El encéfalo humano ha sido descrito como
el sistema más complejo del universo conocido,
y no sin razón.
Está compuesto por un entramado de glía, neuronas y vías nerviosas y es la parte más
importante del Sistema Nervioso Central, pero su intrincada estructura y
funcionamiento no significa que no podamos hacer una clasificación de las
principales partes del cerebro.
1. Principales
partes del encéfalo
En los seres
humanos, el encéfalo o cerebro es la parte del Sistema Nervioso Central
que está ubicada al final de la médula espinal, dentro del cráneo.

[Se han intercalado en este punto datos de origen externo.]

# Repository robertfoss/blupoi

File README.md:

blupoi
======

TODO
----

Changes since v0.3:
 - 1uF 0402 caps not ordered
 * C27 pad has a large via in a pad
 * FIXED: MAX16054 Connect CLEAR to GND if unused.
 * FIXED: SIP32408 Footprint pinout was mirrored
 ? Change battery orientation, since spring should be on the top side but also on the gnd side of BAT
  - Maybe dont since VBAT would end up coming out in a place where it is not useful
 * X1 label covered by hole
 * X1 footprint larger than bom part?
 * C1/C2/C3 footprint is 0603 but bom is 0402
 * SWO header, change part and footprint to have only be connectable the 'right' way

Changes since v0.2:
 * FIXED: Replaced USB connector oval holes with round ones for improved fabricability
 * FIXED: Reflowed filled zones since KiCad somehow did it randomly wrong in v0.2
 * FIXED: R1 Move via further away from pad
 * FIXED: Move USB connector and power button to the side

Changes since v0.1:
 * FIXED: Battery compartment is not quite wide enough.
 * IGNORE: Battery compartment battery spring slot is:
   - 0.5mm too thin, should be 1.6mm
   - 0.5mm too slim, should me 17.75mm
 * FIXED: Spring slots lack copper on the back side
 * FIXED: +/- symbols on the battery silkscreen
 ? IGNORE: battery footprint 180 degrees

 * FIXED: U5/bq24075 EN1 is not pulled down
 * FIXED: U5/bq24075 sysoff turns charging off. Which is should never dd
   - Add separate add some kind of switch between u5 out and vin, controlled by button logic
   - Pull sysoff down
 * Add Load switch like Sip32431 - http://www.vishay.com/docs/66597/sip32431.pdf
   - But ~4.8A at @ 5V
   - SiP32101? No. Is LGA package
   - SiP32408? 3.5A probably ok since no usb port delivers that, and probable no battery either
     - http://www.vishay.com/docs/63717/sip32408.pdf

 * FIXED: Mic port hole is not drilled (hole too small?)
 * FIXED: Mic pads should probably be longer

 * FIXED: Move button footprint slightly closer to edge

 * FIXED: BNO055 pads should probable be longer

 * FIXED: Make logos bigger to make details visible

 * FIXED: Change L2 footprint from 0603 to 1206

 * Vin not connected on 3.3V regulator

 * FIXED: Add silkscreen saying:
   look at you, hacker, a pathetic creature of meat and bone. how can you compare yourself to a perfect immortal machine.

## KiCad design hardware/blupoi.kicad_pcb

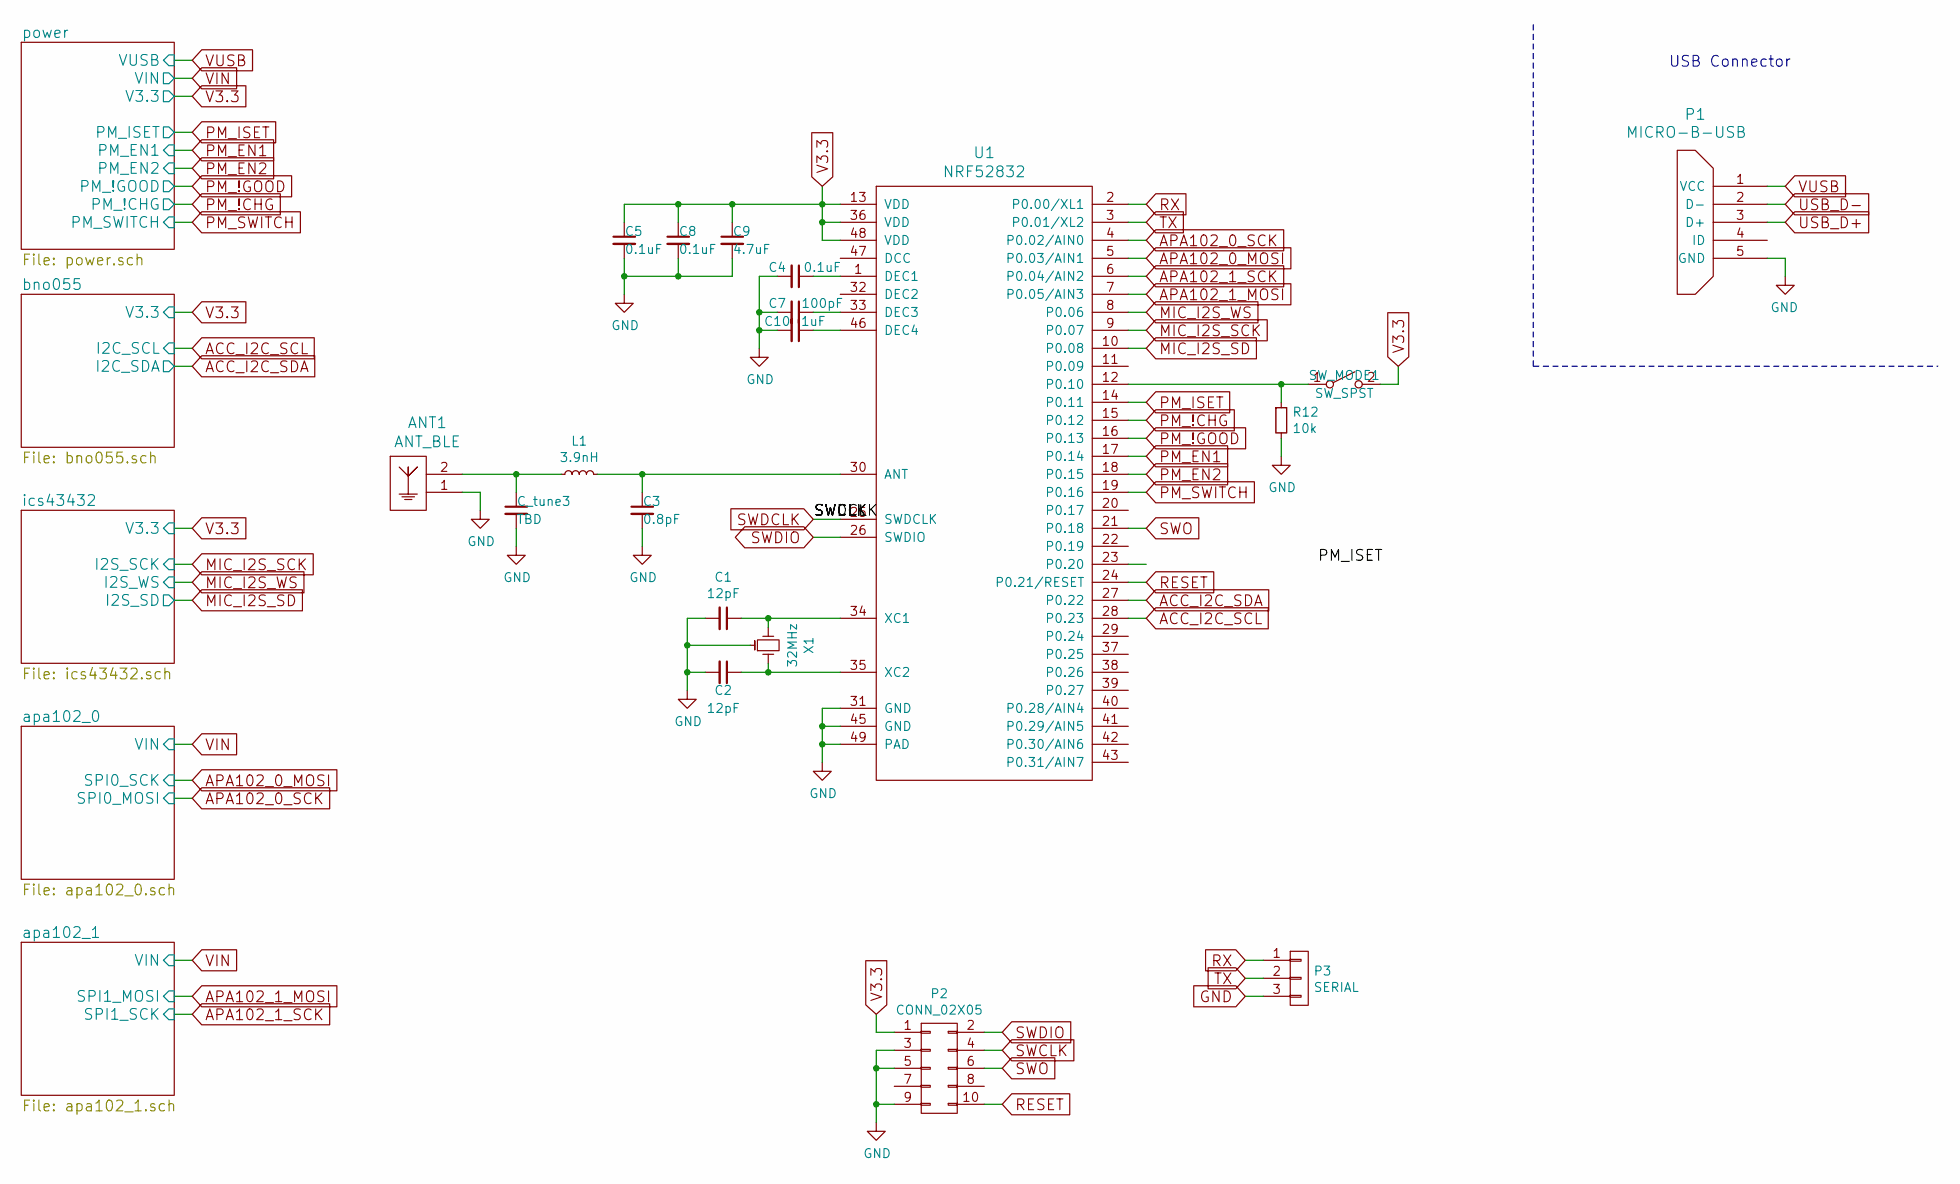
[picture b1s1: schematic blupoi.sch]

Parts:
ANT1: ANT_BLE; ti-an043-antenna
C1, C2: 12pF; C_0402
C3: 0.8pF; C_0402; MFG Part Num Value
C4: 0.1uF; C_0402
C5, C8: 0.1uF; C_0402; MFG Part Num Value
C7: 100pF; C_0402; MFG Part Num Value
C9: 4.7uF; C_0603; MFG Part Num Value
C10: 1uF; C_0603; MFG Part Num Value
C_tune3: TBD; C_0603_HandSoldering; MFG Part Num Value
L1: 3.9nH; C_0402
P1: MICRO-B-USB; USB_Micro-B
P2: CONN_02X05; Pin_Header_Straight_2x05
P3: SERIAL; Pin_Header_Straight_1x03
R12: 10k; R_0603
SW_MODE1: SW_SPST; KSS241GLFS
U1: NRF52832; UQFN-48-1EP_6x6mm_Pitch0.4mm
X1: 32MHz; XTAL2016; MFG Part Num Value

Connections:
ACC_I2C_SCL: U1.28 (P0.23); also elsewhere on the board
ACC_I2C_SDA: U1.27 (P0.22); also elsewhere on the board
APA102_0_MOSI: U1.5 (P0.03/AIN1); also elsewhere on the board
APA102_0_SCK: U1.4 (P0.02/AIN0); also elsewhere on the board
APA102_1_MOSI: U1.7 (P0.05/AIN3); also elsewhere on the board
APA102_1_SCK: U1.6 (P0.04/AIN2); also elsewhere on the board
GND: ANT1.1, C1.2, C2.2, C3.2, C4.2, C5.2, C7.2, C8.2, C9.2, C10.2, C_tune3.2, P1.5 (GND), P2.3, P2.5, P2.9, R12.2, U1.31 (GND), U1.45 (GND), U1.49 (PAD), X1.3; also elsewhere on the board
MIC_I2S_SCK: U1.9 (P0.07); also elsewhere on the board
MIC_I2S_SD: U1.10 (P0.08); also elsewhere on the board
MIC_I2S_WS: U1.8 (P0.06); also elsewhere on the board
unnamed: ANT1.2, C_tune3.1, L1.1
unnamed: C1.1, U1.34 (XC1), X1.2
unnamed: C2.1, U1.35 (XC2), X1.1
unnamed: C3.1, L1.2, U1.30 (ANT)
unnamed: C4.1, U1.1 (DEC1)
unnamed: C7.1, U1.33 (DEC3)
unnamed: C10.1, U1.46 (DEC4)
unnamed: R12.1, SW_MODE1.1 (A), U1.12 (P0.10)
PM_!CHG: U1.15 (P0.12); also elsewhere on the board
PM_!GOOD: U1.16 (P0.13); also elsewhere on the board
PM_EN1: U1.17 (P0.14); also elsewhere on the board
PM_EN2: U1.18 (P0.15); also elsewhere on the board
PM_ISET: U1.14 (P0.11); also elsewhere on the board
PM_SWITCH: U1.19 (P0.16); also elsewhere on the board
RESET: P2.10, U1.24 (P0.21/RESET); also elsewhere on the board
RX: P3.1, U1.2 (P0.00/XL1); also elsewhere on the board
SWCLK: U1.25 (SWDCLK); also elsewhere on the board
SWDIO: P2.2, U1.26 (SWDIO); also elsewhere on the board
SWO: P2.6, U1.21 (P0.18); also elsewhere on the board
TX: P3.2, U1.3 (P0.01/XL2); also elsewhere on the board
USB_D+: P1.3 (D+)
USB_D-: P1.2 (D-)
V3.3: C5.1, C8.1, C9.1, P2.1, SW_MODE1.2 (B), U1.13 (VDD), U1.36 (VDD), U1.48 (VDD); also elsewhere on the board
VUSB: P1.1 (VCC); also elsewhere on the board

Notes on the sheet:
USB Connector

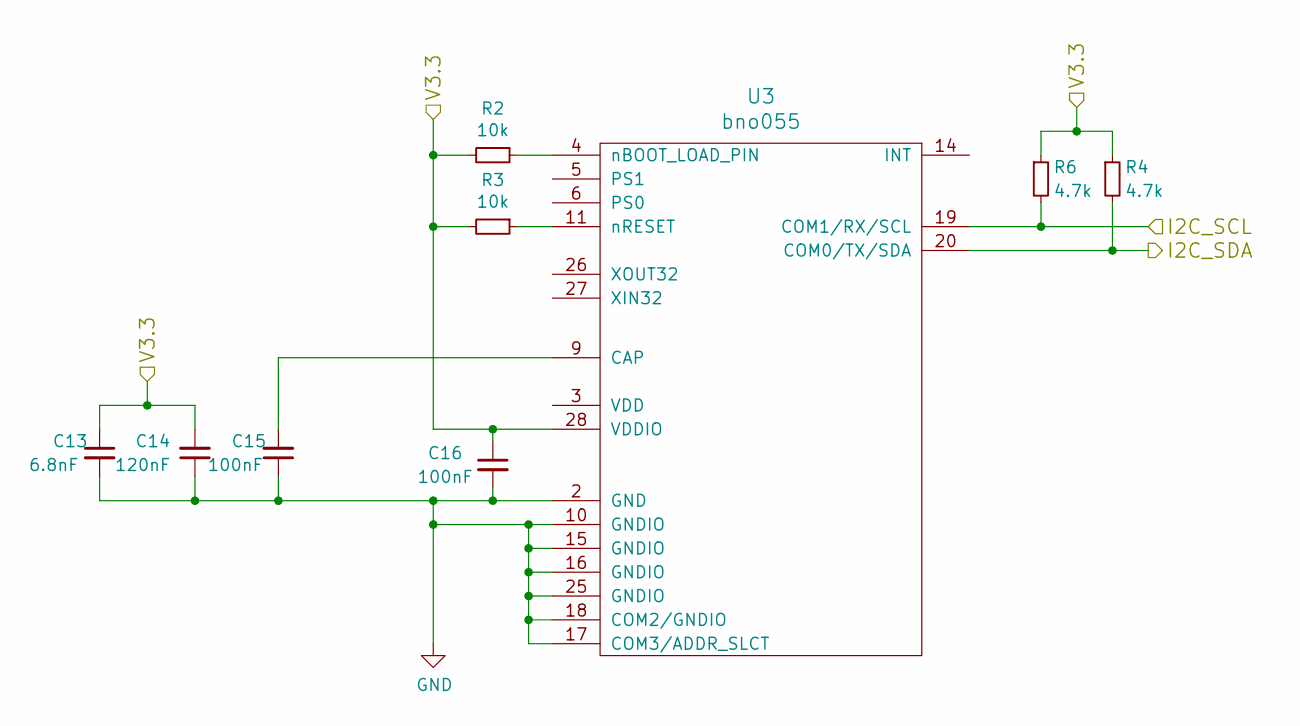
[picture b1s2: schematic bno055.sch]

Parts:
C13: 6.8nF; C_0402
C14: 120nF; C_0402
C15, C16: 100nF; C_0402
R2, R3: 10k; R_0603
R4, R6: 4.7k; R_0603
U3: bno055

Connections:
ACC_I2C_SCL: R6.2, U3.19 (COM1/RX/SCL); also elsewhere on the board
ACC_I2C_SDA: R4.2, U3.20 (COM0/TX/SDA); also elsewhere on the board
GND: C13.2, C14.1, C15.1, C16.2, U3.2 (GND), U3.10 (GNDIO), U3.15 (GNDIO), U3.16 (GNDIO), U3.17 (COM3/ADDR_SLCT), U3.18 (COM2/GNDIO), U3.25 (GNDIO); also elsewhere on the board
unnamed: C15.2, U3.9 (CAP)
unnamed: R2.1, U3.4 (nBOOT_LOAD_PIN)
unnamed: R3.1, U3.11 (nRESET)
V3.3: C13.1, C14.2, C16.1, R2.2, R3.2, R4.1, R6.1, U3.28 (VDDIO); also elsewhere on the board

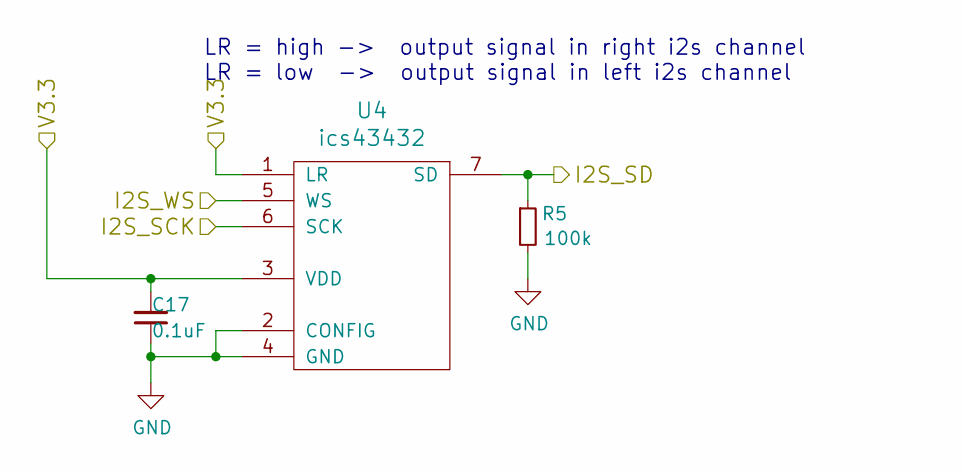
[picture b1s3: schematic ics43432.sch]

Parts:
C17: 0.1uF; C_0402
R5: 100k; R_0603
U4: ics43432

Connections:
GND: C17.1, R5.2, U4.2 (CONFIG), U4.4 (GND); also elsewhere on the board
MIC_I2S_SCK: U4.6 (SCK); also elsewhere on the board
MIC_I2S_SD: R5.1, U4.7 (SD); also elsewhere on the board
MIC_I2S_WS: U4.5 (WS); also elsewhere on the board
V3.3: C17.2, U4.1 (LR), U4.3 (VDD); also elsewhere on the board

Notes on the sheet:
LR = high -> output signal in right i2s channel LR = low -> output signal in left i2s channel

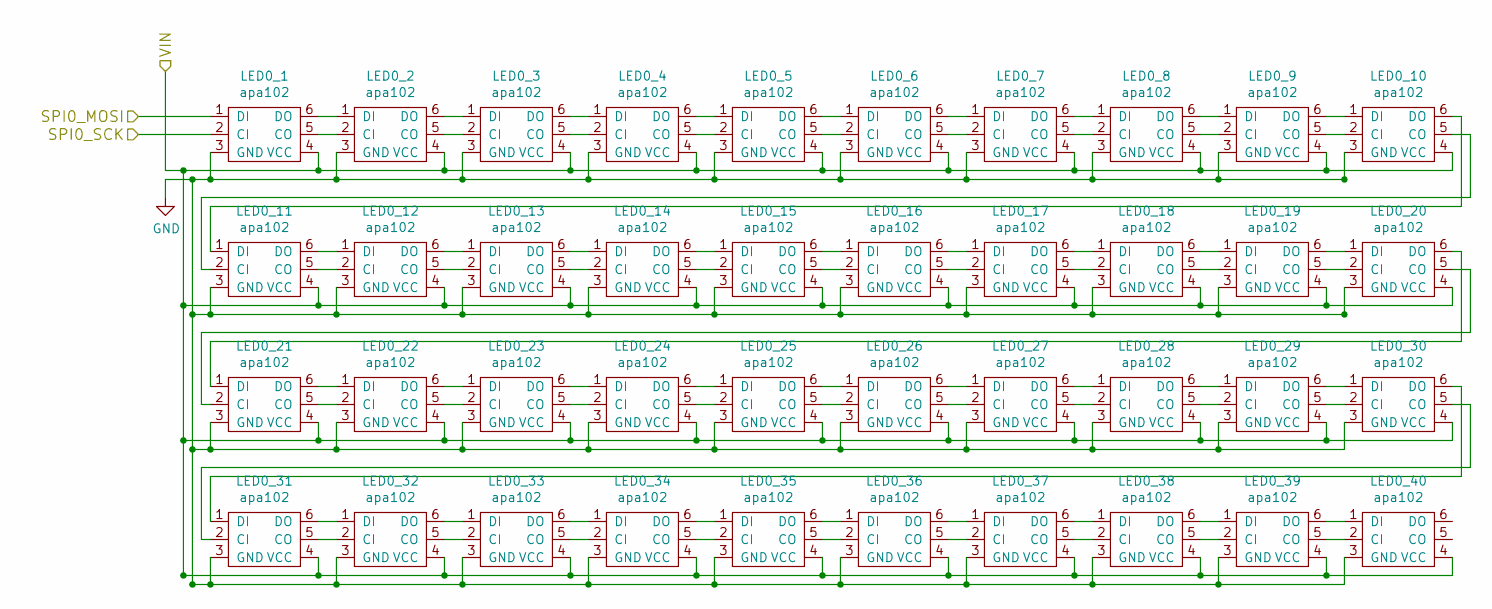
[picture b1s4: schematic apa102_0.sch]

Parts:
LED0_1, LED0_2, LED0_3, LED0_4, LED0_5, LED0_6, LED0_7, LED0_8, LED0_9, LED0_10, LED0_11, LED0_12, LED0_13, LED0_14, LED0_15, LED0_16, LED0_17, LED0_18, LED0_19, LED0_20, LED0_21, LED0_22, LED0_23, LED0_24, LED0_25, LED0_26, LED0_27, LED0_28, LED0_29, LED0_30, LED0_31, LED0_32, LED0_33, LED0_34, LED0_35, LED0_36, LED0_37, LED0_38, LED0_39, LED0_40: apa102

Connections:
APA102_0_MOSI: LED0_1.2 (CI); also elsewhere on the board
APA102_0_SCK: LED0_1.1 (DI); also elsewhere on the board
GND: LED0_1.3 (GND), LED0_2.3 (GND), LED0_3.3 (GND), LED0_4.3 (GND), LED0_5.3 (GND), LED0_6.3 (GND), LED0_7.3 (GND), LED0_8.3 (GND), LED0_9.3 (GND), LED0_10.3 (GND), LED0_11.3 (GND), LED0_12.3 (GND), LED0_13.3 (GND), LED0_14.3 (GND), LED0_15.3 (GND), LED0_16.3 (GND), LED0_17.3 (GND), LED0_18.3 (GND), LED0_19.3 (GND), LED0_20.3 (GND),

Es, en definitiva, el órgano
gracias al cual podemos realizar las operaciones mentales más complejas y tener
consciencia, es decir, sentido del yo.
Justamente por eso dentro del encéfalo hay una gran cantidad de estructuras
trabajando conjuntamente a una gran velocidad, hecho que hace que el
funcionamiento del cerebro sea, aún a día de hoy, un misterio en muchos de sus
aspectos.
Para empezar a entender lo que sabemos acerca de esta
compleja maquinaria, es indispensable conocer las partes del encéfalo, es decir, el modo en el que
las estructuras que lo componen pueden ser clasificadas. Una buena manera de
clasificar por encima las diferentes partes del cerebro puede ser atendiendo a
las distintas formaciones que se van formando dentro de la cabeza de un embrión
humano. Son un total de tres estructuras.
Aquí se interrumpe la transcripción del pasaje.